Back with my favorite, Ulquiorra! He walked with Starrk and Halibel who were pretty excited. Nothing could amaze our dear Ulquiorra though. He looked at everything remaining unemotional. Halibel hit him lightly.

"Lighten up kid. We're supposed to be having fun!" She said. He sighed.

"How am I supposed to have fun? Nothing here amuses me." He said. Halibel looked past some people and smiled.

"That's about to change. LOOK!" She pointed to where two orange heads were standing by the sidewalk looking at the passing floats. Ulquiorra recognized both immediately.

"It's that soul reaper…and his girlfriend."

"No, no, no, no! He doesn't like her. You should go make your move!" Halibel said. Starrk snorted.

"Yeah right! Why would she give him the time of day when I have a stylin' beard?" Starrk said. Ulquiorra glared at him.

"I may not have an interest in the girl, but it'll be a cold day in hell before I let _you_ set foot anywhere near her."

Starrk made a growling sound and swiped his hand like a paw.

"Yikes, watch out for this fierce kitty!" He teased. Ulquiorra barely blushed.

"No. I did not mean it like…that…" he froze as Orihime had caught sight of him and was quickly advancing toward him. He was about to walk away, but Halibel forced him in place. He gave her a half death glare half frightened look. She just smiled at him.

"I will kewl joo later." He said.

"I noes!" She beamed. Orihime stopped in front of them with a jump.

"Like OMG!! I didn't think I'd ever see you guys here!" She said with an overly bubbly demeanor, but Ulquiorra could never refuse her demeanor even if it was the complete opposite of his. She especially smiled at Ulquiorra. He just stared at her.

"So, Ulquiorra, how have you been? Do you miss me? I mean, I was your captive."

"Are you trying to make me feel bad or good?" He asked. She wrapped him in a hug.

"Let's get some dinner! I'll treat!!!" She sang dragging him behind her. Halibel snickered. She loved when a good plan came together. Starrk poked her, his strength was overwhelming and even pushed her forward a little bit. She turned on him and hissed menacingly. He quickly apologized before any damage could be done to his face or his unmentionables. Halibel forgave him but still showed sign of being upset.

"Why are y0ou forcing him to go out with the girl he likes when you won't even go out with your secret crush?"
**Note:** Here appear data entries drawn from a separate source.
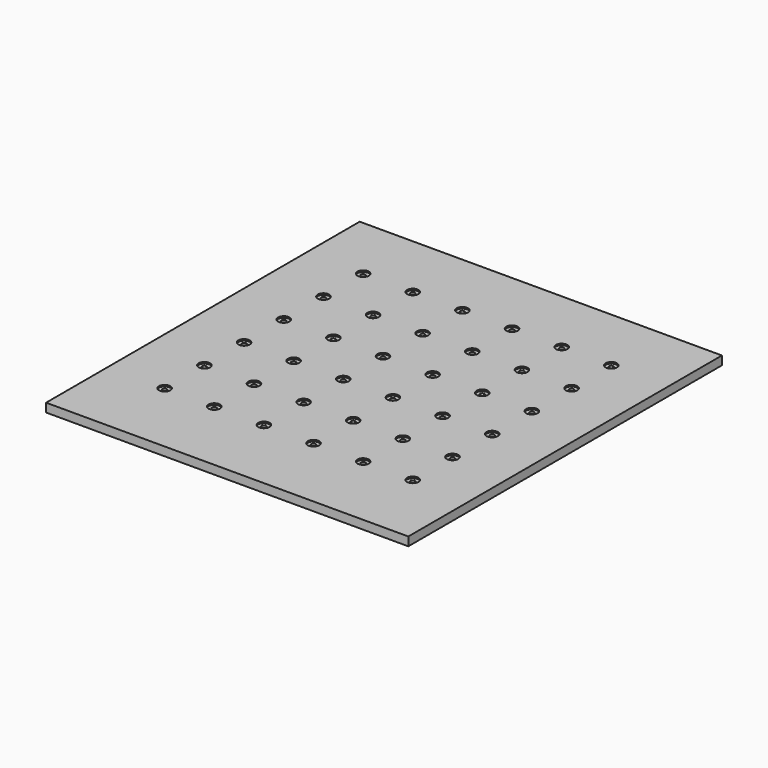
from build123d import *

# Parameters (mm, degrees)
F0_W           = 730
F0_H           = 790
F1_DEPTH       = 17.5
F3_D           = 9
F3_CBORE_D     = 23
F3_CBORE_DEPTH = 3


# Not quite as in the source:
# - a feature names something its author has since deleted; it is built from what else it names


with BuildPart() as f1:
    # F0 (on Top) → F1 (new body)
    with BuildSketch(Plane.XY):
        Rectangle(F0_W, F0_H)
    extrude(amount=F1_DEPTH)

    # F3 (through all)
    with Locations(Plane.XY.offset(17.5)):
        with Locations((-250, 260), (-150, 260), (-50, 260), (50, 260), (150, 260), (-150, 160), (-250, 60), (-250, 160), (150, 60), (-150, -140), (-150, -40), (150, -140), (50, -140), (-150, 60), (-50, 60), (-50, -140), (-250, -140), (50, 160), (50, -40), (-250, -40), (150, 160), (150, -40), (-50, 160), (-50, -40), (50, 60), (250, 260), (250, 160), (250, 60), (250, -40), (250, -140), (250, -240), (150, -240), (50, -240), (-50, -240), (-150, -240), (-250, -240)):
            CounterBoreHole(F3_D / 2, F3_CBORE_D / 2, F3_CBORE_DEPTH)


solid = f1.part
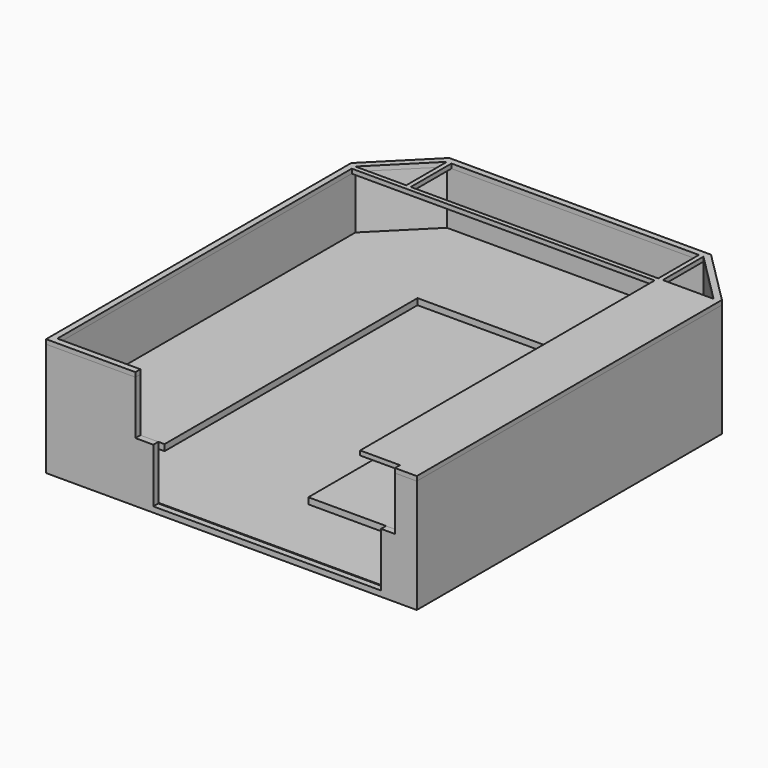
from build123d import *

# Parameters (mm, degrees)
F1_DEPTH  = 6350
F2_T      = -350
F3_W      = 12750
F3_H      = 3040
F4_DEPTH  = 350
F5_W      = 13852.0505063388
F5_H      = 254
F5_W_2    = 254
F5_H_2    = 20601.0252531694
F5_W_3    = 2844.9747468306
F5_H_3    = 2844.9747468306
F6_DEPTH  = 250
F7_W      = 3657.6
F7_H      = 4572
F8_DEPTH  = 914.4
F10_DEPTH = 300
F12_DEPTH = 350


# Not quite as in the source:
# - a feature names something its author has since deleted; it is built from what else it names


with BuildPart() as f1:
    # F0 (on Top) → F1 (new body)
    with BuildSketch(Plane.XY):
        Polygon((7325, 12200), (-7325, 12200), (-10375, 9150), (-10375, -12200), (10375, -12200), (10375, 9150), align=None)
    extrude(amount=F1_DEPTH)

    # F2
    f2_openings = [f1.faces().sort_by_distance(p)[0] for p in [
        (0, -209.322901, 6350),
    ]]
    offset(amount=F2_T, openings=f2_openings)

    # F3 (on face) → F4 (cut, through all)
    with BuildSketch(Plane.XZ.offset(12200)):
        with Locations((2000, 1830)):
            Rectangle(F3_W, F3_H)
        Polygon((9155, 6350), (-5375, 6350), (-5375, 3350), (-4375, 3350), (8375, 3350), (9155, 3350), align=None)
    extrude(amount=-F4_DEPTH, mode=Mode.SUBTRACT)

    # F7 (on face) → F8 (join)
    with BuildSketch(Plane(origin=(0, 0, 0), x_dir=(1, 0, 0), z_dir=(0, 0, -1))):
        with Locations((0, 6866)):
            Rectangle(F7_W, F7_H)
    extrude(amount=F8_DEPTH)


with BuildPart() as f6:
    # F5 (on face) → F6 (new body)
    with BuildSketch(Plane.XY.offset(6350)):
        Polygon((-7325, 12200), (-10375, 9150), (-10375, -12200), (-5375, -12200), (-5375, -11850), (-6926.0252531694, -11850), (-10025, -11850), (-10025, 8751.0252531694), (-10025, 9005.0252531694), (-7180.0252531694, 11850), (-6926.0252531694, 11850), (6926.0252531694, 11850), (7180.0252531694, 11850), (10025, 9005.0252531694), (10025, 8751.0252531694), (10025, -11850), (10375, -11850), (10375, 9150), (7325, 12200), align=None)
        Polygon((10375, -12200), (10375, -11850), (10025, -11850), (9155, -11850), (9155, -12200), align=None)
        with Locations((0, 8878.0252531694)):
            Rectangle(F5_W, F5_H)
        with Locations((-7053.0252531694, 8878.0252531694)):
            Rectangle(F5_W_2, F5_H)
        with Locations((7053.0252531694, -1549.4873734153)):
            Rectangle(F5_W_2, F5_H_2)
        Polygon((9155, -11850), (10025, -11850), (10025, 8751.0252531694), (7180.0252531694, 8751.0252531694), (7180.0252531694, -11850), align=None)
        with Locations((-8602.5126265847, 8878.0252531694)):
            Rectangle(F5_W_3, F5_H)
        with Locations((7053.0252531694, 8878.0252531694)):
            Rectangle(F5_W_2, F5_H)
        with Locations((-7053.0252531694, 10427.5126265847)):
            Rectangle(F5_W_2, F5_H_3)
        with Locations((8602.5126265847, 8878.0252531694)):
            Rectangle(F5_W_3, F5_H)
        with Locations((7053.0252531694, 10427.5126265847)):
            Rectangle(F5_W_2, F5_H_3)
    extrude(amount=F6_DEPTH)


with BuildPart() as f10:
    # F9 (on face) → F10 (new body)
    with BuildSketch(Plane.XY.offset(3350)):
        Polygon((-10025, 9005.0252531694), (-10025, -11850), (-5375, -11850), (-5148.2, -11850), (-5148.2, 6973.2), (5148.2, 6973.2), (5148.2, -11850), (10025, -11850), (10025, 9005.0252531694), (7180.0252531694, 11850), (-7180.0252531694, 11850), align=None)
    extrude(amount=-F10_DEPTH)


with BuildPart() as f12:
    # F11 (on face) → F12 (new body)
    with BuildSketch(Plane.XY.offset(3350)):
        Polygon((-10025, 9005.0252531694), (-10025, -11850), (-4025, -11850), (-4025, 5850), (4025, 5850), (4025, -11850), (10025, -11850), (10025, 9005.0252531694), (7180.0252531694, 11850), (-7180.0252531694, 11850), align=None)
    extrude(amount=-F12_DEPTH)


solid = Compound([f1.part, f6.part, f10.part, f12.part])

Halibel chocked on the air she breathed. She had to hit her sternum a little bit. Starrk helped her out by patting her back. She took a deep breath and growled at him with all of her might.

"I DO NOT HAAAAVE A SECRET CRUSH ESPECIALLY ON THAT BIG BOOTED CLOWN WHO'S SUCH A SEXIST!!!! FOR ALL I CARE, HE CAN GO TO HELL!!!!!" She yelled. Some of the people around them had turned to watch her yell. They yelled to Starrk about how she was 'wearing the pants.' He rolled his eyes and pulled her back towards an empty area in the park.

"You sure make a lot of fuss about it, and I never said you liked Nnoitra."

Halibel blushed. She crossed her arms and quickly looked away.

"Idonot!"

Starrk chuckled in a mocking kind of way. Halibel looked back at him with a glare. Starrk stopped laughing because from his POV, her eyes were glowing red. He smiled and led her back to the party. Beer flew up in the sky as people danced in the beer shower catching it on their tongues. Halibel rolled her eyes.

"That kills brain cells."

"Tell that to your boyfriend. He's probably drinking himself dry."

"1. He's not my boyfriend, so STFU! 2. Who cares? He has no brain cells left."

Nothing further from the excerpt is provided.